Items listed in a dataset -
● ● ● ● ● ● ●
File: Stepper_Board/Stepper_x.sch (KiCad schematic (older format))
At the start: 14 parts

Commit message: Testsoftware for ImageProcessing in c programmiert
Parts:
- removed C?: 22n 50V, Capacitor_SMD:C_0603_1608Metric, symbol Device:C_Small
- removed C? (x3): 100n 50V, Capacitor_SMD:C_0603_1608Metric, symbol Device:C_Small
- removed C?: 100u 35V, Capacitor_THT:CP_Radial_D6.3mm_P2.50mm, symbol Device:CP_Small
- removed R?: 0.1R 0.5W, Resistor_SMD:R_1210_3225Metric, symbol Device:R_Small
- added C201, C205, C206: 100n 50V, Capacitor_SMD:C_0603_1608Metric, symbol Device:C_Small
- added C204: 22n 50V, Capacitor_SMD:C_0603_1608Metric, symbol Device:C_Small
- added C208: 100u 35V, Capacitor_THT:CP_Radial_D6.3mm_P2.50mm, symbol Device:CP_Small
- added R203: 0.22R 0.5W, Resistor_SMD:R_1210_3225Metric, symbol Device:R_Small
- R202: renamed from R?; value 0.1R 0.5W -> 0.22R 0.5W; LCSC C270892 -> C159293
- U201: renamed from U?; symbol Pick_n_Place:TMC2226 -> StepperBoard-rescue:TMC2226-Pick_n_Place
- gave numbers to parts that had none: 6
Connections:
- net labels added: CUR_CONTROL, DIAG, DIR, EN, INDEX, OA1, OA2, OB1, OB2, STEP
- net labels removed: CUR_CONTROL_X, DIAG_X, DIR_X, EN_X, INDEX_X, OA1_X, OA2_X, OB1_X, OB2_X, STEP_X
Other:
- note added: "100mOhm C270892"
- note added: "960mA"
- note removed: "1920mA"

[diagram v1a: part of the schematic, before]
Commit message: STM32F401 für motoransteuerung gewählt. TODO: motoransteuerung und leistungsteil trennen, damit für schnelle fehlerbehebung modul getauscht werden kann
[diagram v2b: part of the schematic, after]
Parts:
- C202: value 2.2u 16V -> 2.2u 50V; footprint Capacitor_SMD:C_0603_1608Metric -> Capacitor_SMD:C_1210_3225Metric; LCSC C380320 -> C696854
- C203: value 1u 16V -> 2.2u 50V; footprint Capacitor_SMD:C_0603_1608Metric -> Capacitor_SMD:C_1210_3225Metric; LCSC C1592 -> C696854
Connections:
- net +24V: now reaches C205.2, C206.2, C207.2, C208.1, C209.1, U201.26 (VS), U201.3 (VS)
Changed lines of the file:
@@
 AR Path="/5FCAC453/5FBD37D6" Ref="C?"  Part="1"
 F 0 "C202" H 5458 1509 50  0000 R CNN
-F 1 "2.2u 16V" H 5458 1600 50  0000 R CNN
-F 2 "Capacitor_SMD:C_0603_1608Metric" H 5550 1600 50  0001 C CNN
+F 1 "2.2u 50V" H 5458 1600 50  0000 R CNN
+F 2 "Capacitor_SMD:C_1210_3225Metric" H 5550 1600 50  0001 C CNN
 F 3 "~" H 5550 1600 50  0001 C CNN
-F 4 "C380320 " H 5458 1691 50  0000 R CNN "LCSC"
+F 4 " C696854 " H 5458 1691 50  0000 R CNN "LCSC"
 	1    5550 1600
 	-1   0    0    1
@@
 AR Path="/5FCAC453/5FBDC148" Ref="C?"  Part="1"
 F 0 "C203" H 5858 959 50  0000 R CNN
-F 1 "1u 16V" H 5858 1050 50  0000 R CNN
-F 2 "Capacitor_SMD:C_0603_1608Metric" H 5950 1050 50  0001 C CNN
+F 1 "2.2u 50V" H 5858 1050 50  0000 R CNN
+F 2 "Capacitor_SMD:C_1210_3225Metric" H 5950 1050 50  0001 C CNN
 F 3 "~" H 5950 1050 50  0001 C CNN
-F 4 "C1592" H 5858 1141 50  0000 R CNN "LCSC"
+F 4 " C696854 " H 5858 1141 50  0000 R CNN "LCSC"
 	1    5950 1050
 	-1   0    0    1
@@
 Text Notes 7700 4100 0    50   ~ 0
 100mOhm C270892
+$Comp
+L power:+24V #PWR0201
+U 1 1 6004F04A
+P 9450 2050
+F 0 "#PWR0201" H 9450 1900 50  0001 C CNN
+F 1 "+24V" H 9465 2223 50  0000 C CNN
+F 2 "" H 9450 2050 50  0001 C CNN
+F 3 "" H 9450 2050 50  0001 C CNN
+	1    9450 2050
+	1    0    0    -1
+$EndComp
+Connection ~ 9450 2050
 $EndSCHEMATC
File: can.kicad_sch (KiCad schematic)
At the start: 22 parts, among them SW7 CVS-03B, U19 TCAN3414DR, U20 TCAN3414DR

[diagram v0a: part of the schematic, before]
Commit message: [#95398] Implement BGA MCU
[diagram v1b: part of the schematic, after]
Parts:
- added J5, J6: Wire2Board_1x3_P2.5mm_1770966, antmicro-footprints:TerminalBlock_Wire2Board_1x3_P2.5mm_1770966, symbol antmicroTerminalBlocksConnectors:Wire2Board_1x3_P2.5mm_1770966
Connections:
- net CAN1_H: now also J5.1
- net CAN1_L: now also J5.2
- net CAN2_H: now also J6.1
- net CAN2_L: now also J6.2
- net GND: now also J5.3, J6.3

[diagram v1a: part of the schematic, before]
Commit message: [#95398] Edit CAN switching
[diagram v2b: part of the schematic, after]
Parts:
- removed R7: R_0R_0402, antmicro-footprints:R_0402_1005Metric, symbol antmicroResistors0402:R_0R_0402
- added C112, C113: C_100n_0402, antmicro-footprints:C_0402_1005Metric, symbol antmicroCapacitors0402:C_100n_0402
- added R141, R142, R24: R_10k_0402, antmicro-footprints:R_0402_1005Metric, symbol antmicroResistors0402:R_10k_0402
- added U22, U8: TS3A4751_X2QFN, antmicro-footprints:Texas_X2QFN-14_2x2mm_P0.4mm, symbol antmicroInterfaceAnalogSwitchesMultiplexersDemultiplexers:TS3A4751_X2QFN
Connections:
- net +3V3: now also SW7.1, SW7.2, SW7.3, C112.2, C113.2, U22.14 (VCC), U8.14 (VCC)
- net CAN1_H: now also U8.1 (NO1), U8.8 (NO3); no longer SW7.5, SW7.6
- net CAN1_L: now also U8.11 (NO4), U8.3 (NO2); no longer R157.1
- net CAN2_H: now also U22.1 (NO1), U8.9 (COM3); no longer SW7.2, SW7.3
● ● ● ● ● ● ●
TASK ITEM - Repeat the data in full, matching each line exactly.

ANSWER AREA -
File: Stepper_Board/Stepper_x.sch (KiCad schematic (older format))
At the start: 14 parts

Commit message: Testsoftware for ImageProcessing in c programmiert
Parts:
- removed C?: 22n 50V, Capacitor_SMD:C_0603_1608Metric, symbol Device:C_Small
- removed C? (x3): 100n 50V, Capacitor_SMD:C_0603_1608Metric, symbol Device:C_Small
- removed C?: 100u 35V, Capacitor_THT:CP_Radial_D6.3mm_P2.50mm, symbol Device:CP_Small
- removed R?: 0.1R 0.5W, Resistor_SMD:R_1210_3225Metric, symbol Device:R_Small
- added C201, C205, C206: 100n 50V, Capacitor_SMD:C_0603_1608Metric, symbol Device:C_Small
- added C204: 22n 50V, Capacitor_SMD:C_0603_1608Metric, symbol Device:C_Small
- added C208: 100u 35V, Capacitor_THT:CP_Radial_D6.3mm_P2.50mm, symbol Device:CP_Small
- added R203: 0.22R 0.5W, Resistor_SMD:R_1210_3225Metric, symbol Device:R_Small
- R202: renamed from R?; value 0.1R 0.5W -> 0.22R 0.5W; LCSC C270892 -> C159293
- U201: renamed from U?; symbol Pick_n_Place:TMC2226 -> StepperBoard-rescue:TMC2226-Pick_n_Place
- gave numbers to parts that had none: 6
Connections:
- net labels added: CUR_CONTROL, DIAG, DIR, EN, INDEX, OA1, OA2, OB1, OB2, STEP
- net labels removed: CUR_CONTROL_X, DIAG_X, DIR_X, EN_X, INDEX_X, OA1_X, OA2_X, OB1_X, OB2_X, STEP_X
Other:
- note added: "100mOhm C270892"
- note added: "960mA"
- note removed: "1920mA"

[diagram v1a: part of the schematic, before]
Commit message: STM32F401 für motoransteuerung gewählt. TODO: motoransteuerung und leistungsteil trennen, damit für schnelle fehlerbehebung modul getauscht werden kann
[diagram v2b: part of the schematic, after]
Parts:
- C202: value 2.2u 16V -> 2.2u 50V; footprint Capacitor_SMD:C_0603_1608Metric -> Capacitor_SMD:C_1210_3225Metric; LCSC C380320 -> C696854
- C203: value 1u 16V -> 2.2u 50V; footprint Capacitor_SMD:C_0603_1608Metric -> Capacitor_SMD:C_1210_3225Metric; LCSC C1592 -> C696854
Connections:
- net +24V: now reaches C205.2, C206.2, C207.2, C208.1, C209.1, U201.26 (VS), U201.3 (VS)
Changed lines of the file:
@@
 AR Path="/5FCAC453/5FBD37D6" Ref="C?"  Part="1"
 F 0 "C202" H 5458 1509 50  0000 R CNN
-F 1 "2.2u 16V" H 5458 1600 50  0000 R CNN
-F 2 "Capacitor_SMD:C_0603_1608Metric" H 5550 1600 50  0001 C CNN
+F 1 "2.2u 50V" H 5458 1600 50  0000 R CNN
+F 2 "Capacitor_SMD:C_1210_3225Metric" H 5550 1600 50  0001 C CNN
 F 3 "~" H 5550 1600 50  0001 C CNN
-F 4 "C380320 " H 5458 1691 50  0000 R CNN "LCSC"
+F 4 " C696854 " H 5458 1691 50  0000 R CNN "LCSC"
 	1    5550 1600
 	-1   0    0    1
@@
 AR Path="/5FCAC453/5FBDC148" Ref="C?"  Part="1"
 F 0 "C203" H 5858 959 50  0000 R CNN
-F 1 "1u 16V" H 5858 1050 50  0000 R CNN
-F 2 "Capacitor_SMD:C_0603_1608Metric" H 5950 1050 50  0001 C CNN
+F 1 "2.2u 50V" H 5858 1050 50  0000 R CNN
+F 2 "Capacitor_SMD:C_1210_3225Metric" H 5950 1050 50  0001 C CNN
 F 3 "~" H 5950 1050 50  0001 C CNN
-F 4 "C1592" H 5858 1141 50  0000 R CNN "LCSC"
+F 4 " C696854 " H 5858 1141 50  0000 R CNN "LCSC"
 	1    5950 1050
 	-1   0    0    1
@@
 Text Notes 7700 4100 0    50   ~ 0
 100mOhm C270892
+$Comp
+L power:+24V #PWR0201
+U 1 1 6004F04A
+P 9450 2050
+F 0 "#PWR0201" H 9450 1900 50  0001 C CNN
+F 1 "+24V" H 9465 2223 50  0000 C CNN
+F 2 "" H 9450 2050 50  0001 C CNN
+F 3 "" H 9450 2050 50  0001 C CNN
+	1    9450 2050
+	1    0    0    -1
+$EndComp
+Connection ~ 9450 2050
 $EndSCHEMATC
File: can.kicad_sch (KiCad schematic)
At the start: 22 parts, among them SW7 CVS-03B, U19 TCAN3414DR, U20 TCAN3414DR

[diagram v0a: part of the schematic, before]
Commit message: [#95398] Implement BGA MCU
[diagram v1b: part of the schematic, after]
Parts:
- added J5, J6: Wire2Board_1x3_P2.5mm_1770966, antmicro-footprints:TerminalBlock_Wire2Board_1x3_P2.5mm_1770966, symbol antmicroTerminalBlocksConnectors:Wire2Board_1x3_P2.5mm_1770966
Connections:
- net CAN1_H: now also J5.1
- net CAN1_L: now also J5.2
- net CAN2_H: now also J6.1
- net CAN2_L: now also J6.2
- net GND: now also J5.3, J6.3

[diagram v1a: part of the schematic, before]
Commit message: [#95398] Edit CAN switching
[diagram v2b: part of the schematic, after]
Parts:
- removed R7: R_0R_0402, antmicro-footprints:R_0402_1005Metric, symbol antmicroResistors0402:R_0R_0402
- added C112, C113: C_100n_0402, antmicro-footprints:C_0402_1005Metric, symbol antmicroCapacitors0402:C_100n_0402
- added R141, R142, R24: R_10k_0402, antmicro-footprints:R_0402_1005Metric, symbol antmicroResistors0402:R_10k_0402
- added U22, U8: TS3A4751_X2QFN, antmicro-footprints:Texas_X2QFN-14_2x2mm_P0.4mm, symbol antmicroInterfaceAnalogSwitchesMultiplexersDemultiplexers:TS3A4751_X2QFN
Connections:
- net +3V3: now also SW7.1, SW7.2, SW7.3, C112.2, C113.2, U22.14 (VCC), U8.14 (VCC)
- net CAN1_H: now also U8.1 (NO1), U8.8 (NO3); no longer SW7.5, SW7.6
- net CAN1_L: now also U8.11 (NO4), U8.3 (NO2); no longer R157.1
- net CAN2_H: now also U22.1 (NO1), U8.9 (COM3); no longer SW7.2, SW7.3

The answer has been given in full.